Glucose and lipids (TC, HDL, LDL, and TG) were checked on a Roche Modular Analytics (SWA) Module P (Roche Diagnostics). Glucose was established by enzymatic absorption photometry (Glu; Roche) with intra and inter assay coefficient of variation (CV) less than 2%, respectively. TC, LDL, HDL and TG were determined by enzymatic colorimetric analyses (CfAS TC/LDl/HDL plus, TG GPO-PAP; Roche). For all lipids the intra- and inter assay CVs was less than 3%

respectively. Serum FSH and LH were measured by time-resolved immunoflurometric assays (Delfia; Perkin Elmer, Boston, MA) with detection limits of 0.06 and 0.05 IU/l for FSH and LH respectively. Intra- and inter assay C.V. in both gonadotropin assays was less than 5%. The detection limit of Estradiol determined by RIA (Pantex, Santa, Monica, CA) were 18 pmol/liter. Intra assay and inter assay CVs of 7.5 and 12.3%, respectively. Bone age was evaluated by the computer- based bone age analyzer Bonexpert. A research bionutritionist performed anthropomorphic measurements. Fasting subjects were weighed a hospital gown and no shoes. Body weight was measured to the nearest 0.1 kg using a digital platform scale (Blue Bell Biomedical Model 500; SR Instruments, Toawanda, NY). Height was measured to the nearest 0.1 cm using a wall-mounted stadiometer. Waist circumference was also measured to the nearest 0.1 cm when the subjects were in supine post and during expiration at the level of Iliac crest. Body mass index

(BMI) was calculated as weight (kg) divided by height square (m²).

Statistics

Statistical analyses were performed using SPSS 11.5 (SPSS, InG, Chicago, IL) at Department of Biostatistics, Shiraz University of Medical Science. Repeated measurement design with multiple comparisons was used for data analysis.

Ethics

This study was in accordance with the ethical principles of the Helsinki II declaration. The study protocol was approved by the local ethics committee in Department of Medical Ethics, Shiraz University of Medical Sciences. All children and parents gave their informed written consent.

Results

The main results of the study are summarized in Table 1.

In this study 30 patients with ICPP were enrolled. All of them were female. None of our patients was overweight (BMI>85%) at the beginning of the therapy. Their age were 9.5(1.02) years. Nine girls (26.6%) had family history of hypertension, 12 girls (40%) had family history of DM and 13 girls (43%) had family history of hyperlipidemia in their second and third degree relatives. None of the patients fulfilled the criteria of metabolic syndrome, but trend of changes in each criteria of metabolic syndrome during Depherelin therapy were observed by using repeated measure test.

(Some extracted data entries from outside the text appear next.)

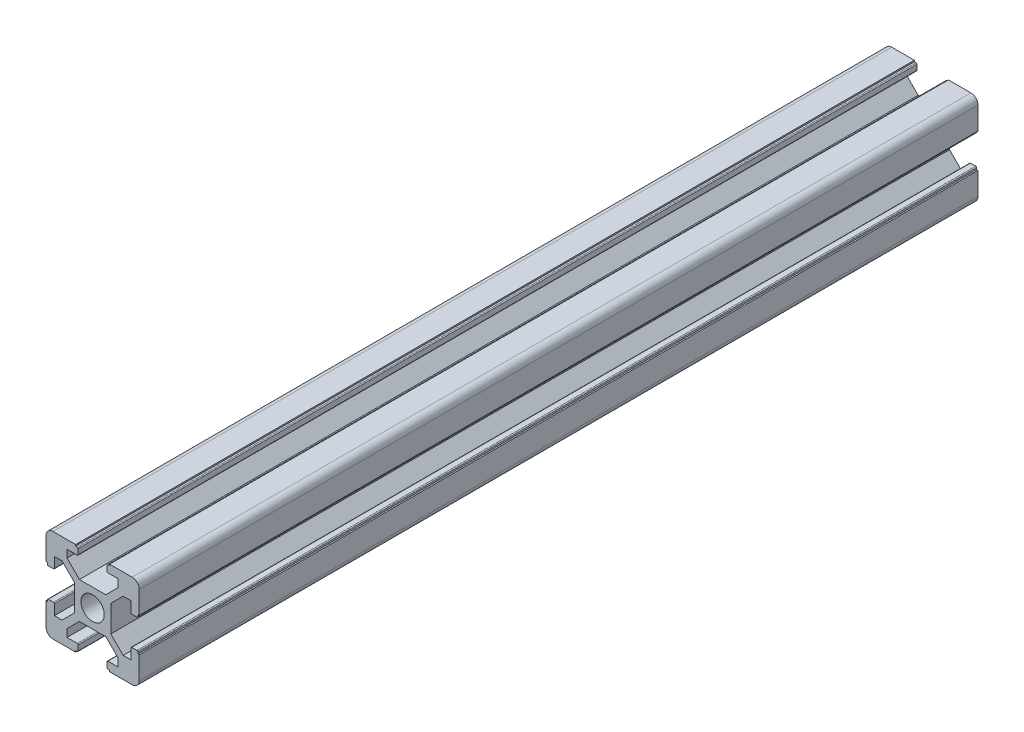
from build123d import *

# Parameters (mm, degrees)
SKETCH_1_R      = 2.5
EXTRUDE_2_DEPTH = 180
EXTRUDE_3_DEPTH = 180


with BuildPart() as part:
    # 草图1 → 凸台-拉伸2 (new body)
    with BuildSketch(Plane.XY):
        with BuildLine():
            Line((3.65, 10), (8.5, 10))
            ThreePointArc((8.5, 10), (9.560660172, 9.560660172), (10, 8.5))
            Line((10, 8.5), (10, 3.65))
            Line((10, 3.65), (8.2, 3.65))
            Line((8.2, 3.65), (8.2, 5.5))
            Line((8.2, 5.5), (6.560660172, 5.5))
            Line((6.560660172, 5.5), (3.9, 2.839339828))
            Line((3.9, 2.839339828), (3.9, -2.839339828))
            Line((3.9, -2.839339828), (6.560660172, -5.5))
            Line((6.560660172, -5.5), (8.2, -5.5))
            Line((8.2, -5.5), (8.2, -3.65))
            Line((8.2, -3.65), (10, -3.65))
            Line((10, -3.65), (10, -8.5))
            ThreePointArc((10, -8.5), (9.560660172, -9.560660172), (8.5, -10))
            Line((8.5, -10), (3.65, -10))
            Line((3.65, -10), (3.65, -8.2))
            Line((3.65, -8.2), (5.5, -8.2))
            Line((5.5, -8.2), (5.5, -6.560660172))
            Line((5.5, -6.560660172), (2.839339828, -3.9))
            Line((2.839339828, -3.9), (-2.839339828, -3.9))
            Line((-2.839339828, -3.9), (-5.5, -6.560660172))
            Line((-5.5, -6.560660172), (-5.5, -8.2))
            Line((-5.5, -8.2), (-3.65, -8.2))
            Line((-3.65, -8.2), (-3.65, -10))
            Line((-3.65, -10), (-8.5, -10))
            ThreePointArc((-8.5, -10), (-9.560660172, -9.560660172), (-10, -8.5))
            Line((-10, -8.5), (-10, -3.65))
            Line((-10, -3.65), (-8.2, -3.65))
            Line((-8.2, -3.65), (-8.2, -5.5))
            Line((-8.2, -5.5), (-6.560660172, -5.5))
            Line((-6.560660172, -5.5), (-3.9, -2.839339828))
            Line((-3.9, -2.839339828), (-3.9, 2.839339828))
            Line((-3.9, 2.839339828), (-6.560660172, 5.5))
            Line((-6.560660172, 5.5), (-8.2, 5.5))
            Line((-8.2, 5.5), (-8.2, 3.65))
            Line((-8.2, 3.65), (-10, 3.65))
            Line((-10, 3.65), (-10, 8.5))
            ThreePointArc((-10, 8.5), (-9.560660172, 9.560660172), (-8.5, 10))
            Line((-8.5, 10), (-3.65, 10))
            Line((-3.65, 10), (-3.65, 8.2))
            Line((-3.65, 8.2), (-5.5, 8.2))
            Line((-5.5, 8.2), (-5.5, 6.560660172))
            Line((-5.5, 6.560660172), (-2.839339828, 3.9))
            Line((-2.839339828, 3.9), (2.839339828, 3.9))
            Line((2.839339828, 3.9), (5.5, 6.560660172))
            Line((5.5, 6.560660172), (5.5, 8.2))
            Line((5.5, 8.2), (3.65, 8.2))
            Line((3.65, 8.2), (3.65, 10))
        make_face()
        with Locations(Location((0, 0, 0), (0, 0, 180))):
            Circle(SKETCH_1_R, mode=Mode.SUBTRACT)
    extrude(amount=EXTRUDE_2_DEPTH)

    # 草图3 → 凸台-拉伸3 (add)
    with BuildSketch(Plane.XY.offset(180)):
        with BuildLine():
            Line((-8.2, 3.65), (-9.7, 3.65))
            Line((-9.7, 3.65), (-9.7, 3.3))
            ThreePointArc((-9.7, 3.3), (-9.641421356, 3.158578644), (-9.5, 3.1))
            Line((-9.5, 3.1), (-8.4, 3.1))
            ThreePointArc((-8.4, 3.1), (-8.258578644, 3.158578644), (-8.2, 3.3))
            Line((-8.2, 3.3), (-8.2, 3.65))
        make_face()
        with BuildLine():
            Line((-3.65, 9.7), (-3.65, 8.2))
            Line((-3.65, 8.2), (-3.3, 8.2))
            ThreePointArc((-3.3, 8.2), (-3.158578644, 8.258578644), (-3.1, 8.4))
            Line((-3.1, 8.4), (-3.1, 9.5))
            ThreePointArc((-3.1, 9.5), (-3.158578644, 9.641421356), (-3.3, 9.7))
            Line((-3.3, 9.7), (-3.65, 9.7))
        make_face()
        with BuildLine():
            Line((3.65, 8.2), (3.65, 9.7))
            Line((3.65, 9.7), (3.3, 9.7))
            ThreePointArc((3.3, 9.7), (3.158578644, 9.641421356), (3.1, 9.5))
            Line((3.1, 9.5), (3.1, 8.4))
            ThreePointArc((3.1, 8.4), (3.158578644, 8.258578644), (3.3, 8.2))
            Line((3.3, 8.2), (3.65, 8.2))
        make_face()
        with BuildLine():
            Line((9.7, 3.65), (8.2, 3.65))
            Line((8.2, 3.65), (8.2, 3.3))
            ThreePointArc((8.2, 3.3), (8.258578644, 3.158578644), (8.4, 3.1))
            Line((8.4, 3.1), (9.5, 3.1))
            ThreePointArc((9.5, 3.1), (9.641421356, 3.158578644), (9.7, 3.3))
            Line((9.7, 3.3), (9.7, 3.65))
        make_face()
        with BuildLine():
            Line((3.65, -9.7), (3.65, -8.2))
            Line((3.65, -8.2), (3.3, -8.2))
            ThreePointArc((3.3, -8.2), (3.158578644, -8.258578644), (3.1, -8.4))
            Line((3.1, -8.4), (3.1, -9.5))
            ThreePointArc((3.1, -9.5), (3.158578644, -9.641421356), (3.3, -9.7))
            Line((3.3, -9.7), (3.65, -9.7))
        make_face()
        with BuildLine():
            Line((-3.65, -8.2), (-3.65, -9.7))
            Line((-3.65, -9.7), (-3.3, -9.7))
            ThreePointArc((-3.3, -9.7), (-3.158578644, -9.641421356), (-3.1, -9.5))
            Line((-3.1, -9.5), (-3.1, -8.4))
            ThreePointArc((-3.1, -8.4), (-3.158578644, -8.258578644), (-3.3, -8.2))
            Line((-3.3, -8.2), (-3.65, -8.2))
        make_face()
        with BuildLine():
            Line((8.2, -3.65), (8.2, -3.3))
            ThreePointArc((8.2, -3.3), (8.258578644, -3.158578644), (8.4, -3.1))
            Line((8.4, -3.1), (9.5, -3.1))
            ThreePointArc((9.5, -3.1), (9.641421356, -3.158578644), (9.7, -3.3))
            Line((9.7, -3.3), (9.7, -3.65))
            Line((9.7, -3.65), (8.2, -3.65))
        make_face()
        with BuildLine():
            Line((-8.2, -3.65), (-8.2, -3.3))
            ThreePointArc((-8.2, -3.3), (-8.258578644, -3.158578644), (-8.4, -3.1))
            Line((-8.4, -3.1), (-9.5, -3.1))
            ThreePointArc((-9.5, -3.1), (-9.641421356, -3.158578644), (-9.7, -3.3))
            Line((-9.7, -3.3), (-9.7, -3.65))
            Line((-9.7, -3.65), (-8.2, -3.65))
        make_face()
    extrude(amount=-EXTRUDE_3_DEPTH)


solid = part.part

Waist circumference of patients was 69.3 cm, 70.46 cm and 72.25 cm before, 3 month and 6 month after

therapy respectively. Mean weight of patients before after 3 and 6 month therapy were 37.21 kg, 38.26 kg and 40.11 kg with rising of 2.9 kg during 6 months. Mean height of children before, after 3 and 6 month follow up were 139.7 cm, 141.58 cm and 143.38 cm with rising of about 3.68 during 6 months. Mean BMI were 19.13 kg/m², 19.18 kg/m² and 19.54 kg/m², before, 3 month and 6 months after therapy. Mean diastolic blood pressure of patients were 66 mmHg, 65.6 mmHg and 66.16 mmHg before, 3 month and 6 month after therapy respectively. Mean systolic blood pressure of patients before, after 3 and 6 months therapy was 96.83 mmHg, 96.6 mmHg and 98.66 mmHg.

Mean TG levels are 90.06 mg/dl, 92.63 mg/dl and 96.4 mg/l before treatment, after 3 months and after 6 months respectively. Mean LDL levels before, after 3 month and after 6 months therapy were 91.6 mg/dl, 90.13 mg/dl and 93.1 mg/dl. Mean HDL levels before, after 3 and 6 month therapy was 43.7 mg/dl, 44.35 mg/dl and 44.73 mg/dl respectively. Mean FPS levels before, after 3 month and 6 month therapy were 89.6 mg/dl 89.63 mg/dl and 91.36 respectively.

In physical examination of patients there was no sign of Insulin resistance such as acanthuses Nigerians.

Discussion

The aim of this prospective study was to evaluate whether metabolic syndrome occurs at a high rate in ICPP during the treatment with GnRH analog. As we stated earlier central obesity is one of the main features of the metabolic syndrome.Different reports were found in the literature about BMI and obesity in children with ICPP using GnRH analogs (6,10,13,23-25).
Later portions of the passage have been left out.